» AIM OF THE EXERCISE
Beginning at whichever line contains "Divide : Product", reproduce each line of the records below word for word, ending with the last, and add nothing.

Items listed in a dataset

────

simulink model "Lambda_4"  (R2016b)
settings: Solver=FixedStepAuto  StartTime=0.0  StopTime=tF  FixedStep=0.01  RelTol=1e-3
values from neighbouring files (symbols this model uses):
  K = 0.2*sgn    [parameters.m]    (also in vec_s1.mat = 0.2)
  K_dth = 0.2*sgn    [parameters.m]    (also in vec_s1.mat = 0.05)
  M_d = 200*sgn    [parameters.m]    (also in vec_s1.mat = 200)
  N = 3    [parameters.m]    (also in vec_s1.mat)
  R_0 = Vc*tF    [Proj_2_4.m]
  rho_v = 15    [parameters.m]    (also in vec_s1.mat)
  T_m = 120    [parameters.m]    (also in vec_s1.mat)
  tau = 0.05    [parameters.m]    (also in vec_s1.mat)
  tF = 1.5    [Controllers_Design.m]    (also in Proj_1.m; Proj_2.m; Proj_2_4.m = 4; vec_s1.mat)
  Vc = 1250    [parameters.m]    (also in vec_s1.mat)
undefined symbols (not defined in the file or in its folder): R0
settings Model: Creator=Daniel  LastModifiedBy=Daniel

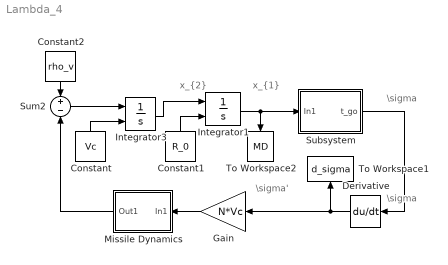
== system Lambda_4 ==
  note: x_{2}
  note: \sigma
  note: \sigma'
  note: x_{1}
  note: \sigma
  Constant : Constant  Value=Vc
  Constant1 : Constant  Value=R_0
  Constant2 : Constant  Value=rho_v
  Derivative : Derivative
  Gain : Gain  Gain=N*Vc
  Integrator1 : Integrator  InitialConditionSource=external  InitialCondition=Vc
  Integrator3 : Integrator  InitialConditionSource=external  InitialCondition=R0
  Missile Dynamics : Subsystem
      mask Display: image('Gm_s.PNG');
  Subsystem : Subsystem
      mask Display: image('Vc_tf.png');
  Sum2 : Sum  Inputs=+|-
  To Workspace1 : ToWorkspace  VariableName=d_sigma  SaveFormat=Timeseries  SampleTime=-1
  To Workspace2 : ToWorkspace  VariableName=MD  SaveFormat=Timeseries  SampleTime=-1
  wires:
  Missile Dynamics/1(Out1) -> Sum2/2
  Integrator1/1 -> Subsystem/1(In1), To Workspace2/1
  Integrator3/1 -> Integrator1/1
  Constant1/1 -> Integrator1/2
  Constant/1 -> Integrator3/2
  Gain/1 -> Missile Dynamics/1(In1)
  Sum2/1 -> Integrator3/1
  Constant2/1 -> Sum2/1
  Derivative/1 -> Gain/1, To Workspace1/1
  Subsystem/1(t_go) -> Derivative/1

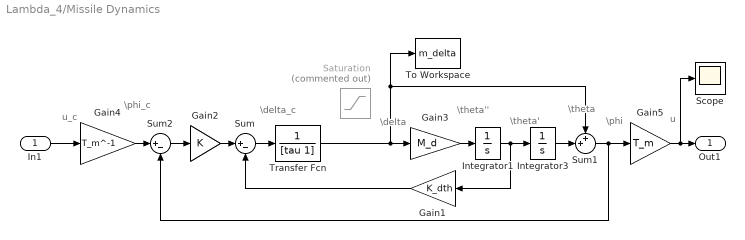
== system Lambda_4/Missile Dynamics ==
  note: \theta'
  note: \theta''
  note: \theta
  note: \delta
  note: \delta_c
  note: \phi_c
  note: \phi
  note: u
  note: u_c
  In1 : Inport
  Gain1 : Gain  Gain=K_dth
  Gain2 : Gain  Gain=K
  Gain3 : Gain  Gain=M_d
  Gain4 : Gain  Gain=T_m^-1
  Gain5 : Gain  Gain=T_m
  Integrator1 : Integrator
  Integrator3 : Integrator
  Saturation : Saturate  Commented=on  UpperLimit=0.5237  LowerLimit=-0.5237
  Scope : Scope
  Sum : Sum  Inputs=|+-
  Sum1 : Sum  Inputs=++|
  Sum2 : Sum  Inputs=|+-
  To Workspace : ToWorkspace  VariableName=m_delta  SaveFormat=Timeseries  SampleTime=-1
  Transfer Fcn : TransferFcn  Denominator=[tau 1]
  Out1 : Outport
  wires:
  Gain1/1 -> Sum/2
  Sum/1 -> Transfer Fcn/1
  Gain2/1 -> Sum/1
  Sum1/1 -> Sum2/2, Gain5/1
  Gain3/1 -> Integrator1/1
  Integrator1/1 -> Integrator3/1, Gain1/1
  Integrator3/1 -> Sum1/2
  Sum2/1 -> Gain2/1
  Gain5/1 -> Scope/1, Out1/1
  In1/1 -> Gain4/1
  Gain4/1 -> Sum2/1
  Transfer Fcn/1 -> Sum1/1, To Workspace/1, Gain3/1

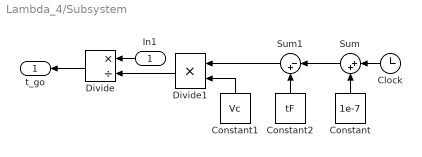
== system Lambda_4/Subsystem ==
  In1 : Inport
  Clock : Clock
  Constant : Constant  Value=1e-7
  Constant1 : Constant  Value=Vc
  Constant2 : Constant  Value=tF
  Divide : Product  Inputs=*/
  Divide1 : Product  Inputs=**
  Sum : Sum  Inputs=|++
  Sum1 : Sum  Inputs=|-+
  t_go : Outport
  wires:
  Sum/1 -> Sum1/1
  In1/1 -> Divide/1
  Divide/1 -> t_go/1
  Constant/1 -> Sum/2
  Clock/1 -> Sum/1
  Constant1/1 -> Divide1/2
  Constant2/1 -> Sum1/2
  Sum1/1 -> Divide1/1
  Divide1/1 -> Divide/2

────

» YOUR RESPONSE
  Divide : Product  Inputs=*/
  Divide1 : Product  Inputs=**
  Sum : Sum  Inputs=|++
  Sum1 : Sum  Inputs=|-+
  t_go : Outport
  wires:
  Sum/1 -> Sum1/1
  In1/1 -> Divide/1
  Divide/1 -> t_go/1
  Constant/1 -> Sum/2
  Clock/1 -> Sum/1
  Constant1/1 -> Divide1/2
  Constant2/1 -> Sum1/2
  Sum1/1 -> Divide1/1
  Divide1/1 -> Divide/2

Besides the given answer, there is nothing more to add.